Western blot analysis
Western blotting was performed to detect EMT markers as previously described [42]. All antibodies were used at 1:1,000 dilutions. Western blot analysis was performed using antibodies raised against Fibronectin (Santa Cruz, clone EP5), E-cadherin (BD, clone 36), β-catenin (Santa Cruz, clone E-5), and Vimentin (Santa Cruz, clone H-84)
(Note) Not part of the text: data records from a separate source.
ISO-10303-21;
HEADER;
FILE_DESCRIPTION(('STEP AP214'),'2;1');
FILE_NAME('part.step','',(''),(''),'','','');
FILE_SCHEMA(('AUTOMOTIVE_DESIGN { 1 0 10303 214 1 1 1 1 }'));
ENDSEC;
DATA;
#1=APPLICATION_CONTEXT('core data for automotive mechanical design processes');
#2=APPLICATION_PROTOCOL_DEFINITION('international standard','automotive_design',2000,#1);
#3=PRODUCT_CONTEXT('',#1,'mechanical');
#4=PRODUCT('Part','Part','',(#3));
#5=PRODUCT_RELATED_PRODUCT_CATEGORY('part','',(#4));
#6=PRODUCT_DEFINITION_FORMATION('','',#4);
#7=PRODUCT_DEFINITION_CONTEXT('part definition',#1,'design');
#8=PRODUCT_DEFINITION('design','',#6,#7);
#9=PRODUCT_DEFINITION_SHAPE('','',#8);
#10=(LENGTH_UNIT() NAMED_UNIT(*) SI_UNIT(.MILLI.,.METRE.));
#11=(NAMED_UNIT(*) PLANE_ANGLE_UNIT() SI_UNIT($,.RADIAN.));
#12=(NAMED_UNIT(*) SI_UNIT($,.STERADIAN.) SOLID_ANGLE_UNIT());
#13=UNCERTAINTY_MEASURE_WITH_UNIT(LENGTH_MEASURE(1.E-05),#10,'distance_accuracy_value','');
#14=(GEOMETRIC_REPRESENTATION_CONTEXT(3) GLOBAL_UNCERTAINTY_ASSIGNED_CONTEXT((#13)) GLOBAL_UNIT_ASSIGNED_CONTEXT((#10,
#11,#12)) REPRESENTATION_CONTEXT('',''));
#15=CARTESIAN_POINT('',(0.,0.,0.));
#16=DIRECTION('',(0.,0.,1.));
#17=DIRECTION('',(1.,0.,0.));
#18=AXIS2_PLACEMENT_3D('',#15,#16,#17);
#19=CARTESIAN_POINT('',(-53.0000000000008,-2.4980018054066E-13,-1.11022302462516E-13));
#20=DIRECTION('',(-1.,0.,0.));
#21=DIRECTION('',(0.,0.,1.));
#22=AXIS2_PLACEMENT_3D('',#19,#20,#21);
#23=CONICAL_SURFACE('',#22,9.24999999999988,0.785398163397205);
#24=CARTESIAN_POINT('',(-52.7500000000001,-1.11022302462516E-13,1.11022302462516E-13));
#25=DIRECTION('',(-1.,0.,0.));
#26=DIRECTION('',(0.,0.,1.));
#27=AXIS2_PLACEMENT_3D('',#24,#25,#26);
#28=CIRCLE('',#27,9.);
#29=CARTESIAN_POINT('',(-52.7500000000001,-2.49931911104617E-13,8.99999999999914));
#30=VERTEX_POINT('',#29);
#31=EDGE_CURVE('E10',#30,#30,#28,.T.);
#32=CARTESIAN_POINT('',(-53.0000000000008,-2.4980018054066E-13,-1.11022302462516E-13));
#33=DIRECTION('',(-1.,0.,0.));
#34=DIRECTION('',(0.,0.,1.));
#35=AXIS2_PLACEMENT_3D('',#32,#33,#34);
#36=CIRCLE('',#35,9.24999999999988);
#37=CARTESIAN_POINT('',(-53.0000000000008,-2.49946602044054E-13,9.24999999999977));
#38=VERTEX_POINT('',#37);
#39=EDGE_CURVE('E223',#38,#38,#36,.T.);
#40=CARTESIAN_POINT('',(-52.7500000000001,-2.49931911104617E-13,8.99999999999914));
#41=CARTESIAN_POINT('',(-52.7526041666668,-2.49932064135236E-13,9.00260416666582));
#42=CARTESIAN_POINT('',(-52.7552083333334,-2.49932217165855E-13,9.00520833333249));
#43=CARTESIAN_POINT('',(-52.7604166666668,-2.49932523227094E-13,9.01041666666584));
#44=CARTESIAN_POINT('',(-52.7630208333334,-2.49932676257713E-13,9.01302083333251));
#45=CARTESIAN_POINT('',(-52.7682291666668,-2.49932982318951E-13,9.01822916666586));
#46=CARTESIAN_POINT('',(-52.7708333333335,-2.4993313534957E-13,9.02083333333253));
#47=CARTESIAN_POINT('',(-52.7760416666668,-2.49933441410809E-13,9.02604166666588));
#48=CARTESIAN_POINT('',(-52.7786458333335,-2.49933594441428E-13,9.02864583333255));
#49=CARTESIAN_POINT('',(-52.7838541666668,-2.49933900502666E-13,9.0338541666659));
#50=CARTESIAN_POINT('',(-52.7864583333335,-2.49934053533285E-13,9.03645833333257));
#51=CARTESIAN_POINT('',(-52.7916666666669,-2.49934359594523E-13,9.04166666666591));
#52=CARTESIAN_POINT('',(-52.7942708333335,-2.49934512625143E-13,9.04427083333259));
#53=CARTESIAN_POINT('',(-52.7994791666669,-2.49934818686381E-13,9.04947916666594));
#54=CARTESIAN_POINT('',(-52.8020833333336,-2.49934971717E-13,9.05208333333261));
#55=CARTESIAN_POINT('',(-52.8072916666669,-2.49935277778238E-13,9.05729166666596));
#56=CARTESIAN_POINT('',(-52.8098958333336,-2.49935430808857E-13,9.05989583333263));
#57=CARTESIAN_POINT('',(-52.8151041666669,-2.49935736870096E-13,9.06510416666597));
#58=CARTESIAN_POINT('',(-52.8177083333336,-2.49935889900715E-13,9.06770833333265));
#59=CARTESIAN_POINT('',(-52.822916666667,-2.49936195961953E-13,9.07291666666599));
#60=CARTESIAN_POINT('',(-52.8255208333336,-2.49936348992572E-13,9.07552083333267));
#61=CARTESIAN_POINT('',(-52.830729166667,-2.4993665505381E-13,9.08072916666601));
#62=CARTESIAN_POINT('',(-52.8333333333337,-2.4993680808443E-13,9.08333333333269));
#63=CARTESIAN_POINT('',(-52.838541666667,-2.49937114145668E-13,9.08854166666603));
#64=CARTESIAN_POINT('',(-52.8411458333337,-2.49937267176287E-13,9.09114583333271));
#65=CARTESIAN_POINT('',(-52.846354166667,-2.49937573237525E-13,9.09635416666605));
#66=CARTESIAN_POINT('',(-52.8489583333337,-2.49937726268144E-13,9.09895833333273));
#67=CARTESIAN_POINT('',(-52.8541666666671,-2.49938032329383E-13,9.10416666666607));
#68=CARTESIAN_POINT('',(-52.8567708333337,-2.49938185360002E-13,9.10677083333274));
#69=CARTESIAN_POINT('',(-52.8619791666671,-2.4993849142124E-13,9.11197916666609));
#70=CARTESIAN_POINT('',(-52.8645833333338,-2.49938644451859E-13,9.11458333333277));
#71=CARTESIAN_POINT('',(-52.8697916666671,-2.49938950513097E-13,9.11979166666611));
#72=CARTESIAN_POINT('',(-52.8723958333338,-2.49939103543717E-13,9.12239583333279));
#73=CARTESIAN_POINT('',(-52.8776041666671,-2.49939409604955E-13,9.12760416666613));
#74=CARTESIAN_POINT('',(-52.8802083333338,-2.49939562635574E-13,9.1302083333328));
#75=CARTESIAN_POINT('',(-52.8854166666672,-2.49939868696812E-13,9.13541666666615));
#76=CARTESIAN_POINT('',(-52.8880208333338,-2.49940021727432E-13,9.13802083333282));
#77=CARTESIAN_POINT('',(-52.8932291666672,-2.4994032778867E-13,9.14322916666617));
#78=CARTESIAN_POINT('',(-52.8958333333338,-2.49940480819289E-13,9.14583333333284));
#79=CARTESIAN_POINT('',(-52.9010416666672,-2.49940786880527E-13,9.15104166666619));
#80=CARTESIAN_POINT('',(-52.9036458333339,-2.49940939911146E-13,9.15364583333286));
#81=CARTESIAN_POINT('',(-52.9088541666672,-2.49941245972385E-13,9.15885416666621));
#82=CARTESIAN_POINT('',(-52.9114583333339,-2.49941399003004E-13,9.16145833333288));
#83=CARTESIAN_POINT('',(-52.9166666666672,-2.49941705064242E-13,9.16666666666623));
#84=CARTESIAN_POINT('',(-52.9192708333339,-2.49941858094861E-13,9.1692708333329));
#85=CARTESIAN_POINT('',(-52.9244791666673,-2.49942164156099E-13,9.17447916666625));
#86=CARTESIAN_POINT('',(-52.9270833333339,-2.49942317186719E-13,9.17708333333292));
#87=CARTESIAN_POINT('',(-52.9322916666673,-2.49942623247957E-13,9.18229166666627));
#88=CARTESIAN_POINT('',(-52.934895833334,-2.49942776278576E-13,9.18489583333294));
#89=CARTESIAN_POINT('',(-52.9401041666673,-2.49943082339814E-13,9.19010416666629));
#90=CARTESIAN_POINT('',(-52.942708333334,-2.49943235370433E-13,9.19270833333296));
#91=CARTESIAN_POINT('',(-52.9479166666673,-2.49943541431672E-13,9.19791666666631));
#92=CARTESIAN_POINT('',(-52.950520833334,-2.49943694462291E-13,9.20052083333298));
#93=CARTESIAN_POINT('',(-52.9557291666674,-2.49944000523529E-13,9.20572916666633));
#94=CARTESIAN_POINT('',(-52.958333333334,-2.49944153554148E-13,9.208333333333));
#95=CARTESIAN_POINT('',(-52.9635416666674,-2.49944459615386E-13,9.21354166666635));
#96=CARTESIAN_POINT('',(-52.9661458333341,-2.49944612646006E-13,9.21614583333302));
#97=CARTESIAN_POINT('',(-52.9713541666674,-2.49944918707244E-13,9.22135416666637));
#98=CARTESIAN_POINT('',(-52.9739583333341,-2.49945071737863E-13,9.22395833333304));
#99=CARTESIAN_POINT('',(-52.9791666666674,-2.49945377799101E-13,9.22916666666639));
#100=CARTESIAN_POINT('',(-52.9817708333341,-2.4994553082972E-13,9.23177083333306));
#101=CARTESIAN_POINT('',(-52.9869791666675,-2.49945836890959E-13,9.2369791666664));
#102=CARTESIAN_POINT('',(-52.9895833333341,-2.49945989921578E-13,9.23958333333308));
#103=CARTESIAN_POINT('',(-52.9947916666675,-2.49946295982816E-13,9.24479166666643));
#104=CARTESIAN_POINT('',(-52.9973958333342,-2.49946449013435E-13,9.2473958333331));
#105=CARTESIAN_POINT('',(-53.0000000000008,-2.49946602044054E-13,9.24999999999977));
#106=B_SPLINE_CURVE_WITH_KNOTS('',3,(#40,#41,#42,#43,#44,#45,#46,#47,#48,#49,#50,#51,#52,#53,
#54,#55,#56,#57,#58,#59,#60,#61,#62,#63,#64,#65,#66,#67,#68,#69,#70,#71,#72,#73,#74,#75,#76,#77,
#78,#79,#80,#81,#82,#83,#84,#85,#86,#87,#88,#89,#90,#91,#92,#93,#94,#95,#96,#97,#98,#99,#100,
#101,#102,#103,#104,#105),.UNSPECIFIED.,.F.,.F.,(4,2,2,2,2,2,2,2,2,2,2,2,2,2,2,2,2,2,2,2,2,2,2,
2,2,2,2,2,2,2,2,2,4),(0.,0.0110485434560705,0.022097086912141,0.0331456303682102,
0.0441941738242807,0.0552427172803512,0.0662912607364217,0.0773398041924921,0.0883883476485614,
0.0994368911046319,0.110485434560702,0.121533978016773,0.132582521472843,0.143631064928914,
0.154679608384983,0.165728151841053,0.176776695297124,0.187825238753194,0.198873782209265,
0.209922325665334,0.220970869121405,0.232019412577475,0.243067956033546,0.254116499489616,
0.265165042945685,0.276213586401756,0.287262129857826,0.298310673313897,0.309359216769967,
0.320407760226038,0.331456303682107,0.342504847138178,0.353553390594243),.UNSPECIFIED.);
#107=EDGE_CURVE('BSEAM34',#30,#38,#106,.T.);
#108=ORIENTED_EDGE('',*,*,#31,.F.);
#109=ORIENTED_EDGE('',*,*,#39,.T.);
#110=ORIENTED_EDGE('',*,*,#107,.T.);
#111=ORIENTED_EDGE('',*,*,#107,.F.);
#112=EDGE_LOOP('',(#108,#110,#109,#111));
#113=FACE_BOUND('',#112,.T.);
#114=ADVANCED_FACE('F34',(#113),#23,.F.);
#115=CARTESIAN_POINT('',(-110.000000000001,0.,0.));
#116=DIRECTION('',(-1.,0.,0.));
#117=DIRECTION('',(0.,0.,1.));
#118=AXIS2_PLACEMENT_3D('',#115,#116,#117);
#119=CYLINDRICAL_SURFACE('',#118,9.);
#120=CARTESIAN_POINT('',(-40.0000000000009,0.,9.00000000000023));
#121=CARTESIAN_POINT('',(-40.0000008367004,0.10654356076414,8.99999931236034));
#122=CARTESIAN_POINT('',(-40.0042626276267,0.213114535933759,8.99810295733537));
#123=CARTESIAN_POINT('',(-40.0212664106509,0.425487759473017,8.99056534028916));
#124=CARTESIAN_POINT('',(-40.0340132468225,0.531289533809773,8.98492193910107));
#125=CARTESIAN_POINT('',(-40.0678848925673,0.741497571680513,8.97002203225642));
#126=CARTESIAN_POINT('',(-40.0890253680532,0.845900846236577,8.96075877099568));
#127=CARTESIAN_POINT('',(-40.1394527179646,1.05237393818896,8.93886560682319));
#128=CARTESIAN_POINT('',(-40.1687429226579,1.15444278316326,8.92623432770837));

Cell viability assay and proliferation assay
1 × 105 cells were plated in 6-well plates. Cell growth was determined by cell counting. The total number of cells per well was counted every day for 4 days. Each condition was replicated in triplicate (mean ± SEM). Statistic analysis was performed by standard two-tailed Student’s t-test.
Foci formation assay
C1, C2 and C3 cells were seeded in a 6-well plate at a density of 1,000 cells per well. After 24h of incubation and attachment, the cells were irradiated with a 137Cesium γ-ray irradiator (Atomic Energy of Canada, Chalk River, ON, Canada) at a dose of 0, 2 and 4 Gy at a rate of 1 Gy/min. After 7 days, cell formed clumps that were visible to the naked eye (50 cells per clone). The cells were fixed in methanol for 15 min and then stained with Giemsa for 10 min. The number of foci was counted.
Funding Statement
This study was supported by the National Natural Science Foundation of China [31670859, 81572744]; CAMS Innovation Fund for Medical Science [2017-I2M-1-016]; Non-profit Central Research Institute Fund of Chinese Academy of Medical Sciences [2016ZX310068, 2016ZX310198, 2016RC310019, 2016RC310017]; PUMC Youth Fund and the Fundamental Research Funds for the Central Universities [3332016100,10023201601602]; Research Funds for the Innovation Team of IRM-CAMS [1650] (Q. L.). Work conducted at the Institute of Radiation Medicine was supported by the startup grant from the Chinese Academy of Medical Sciences (C.W.). This project is funded in part by the National Natural Science Foundation of China [81102006 (Y.T.)] and the Shandong Natural Science Foundation [Z2008C13].
Disclosure statement
No potential conflict of interest was reported by the authors.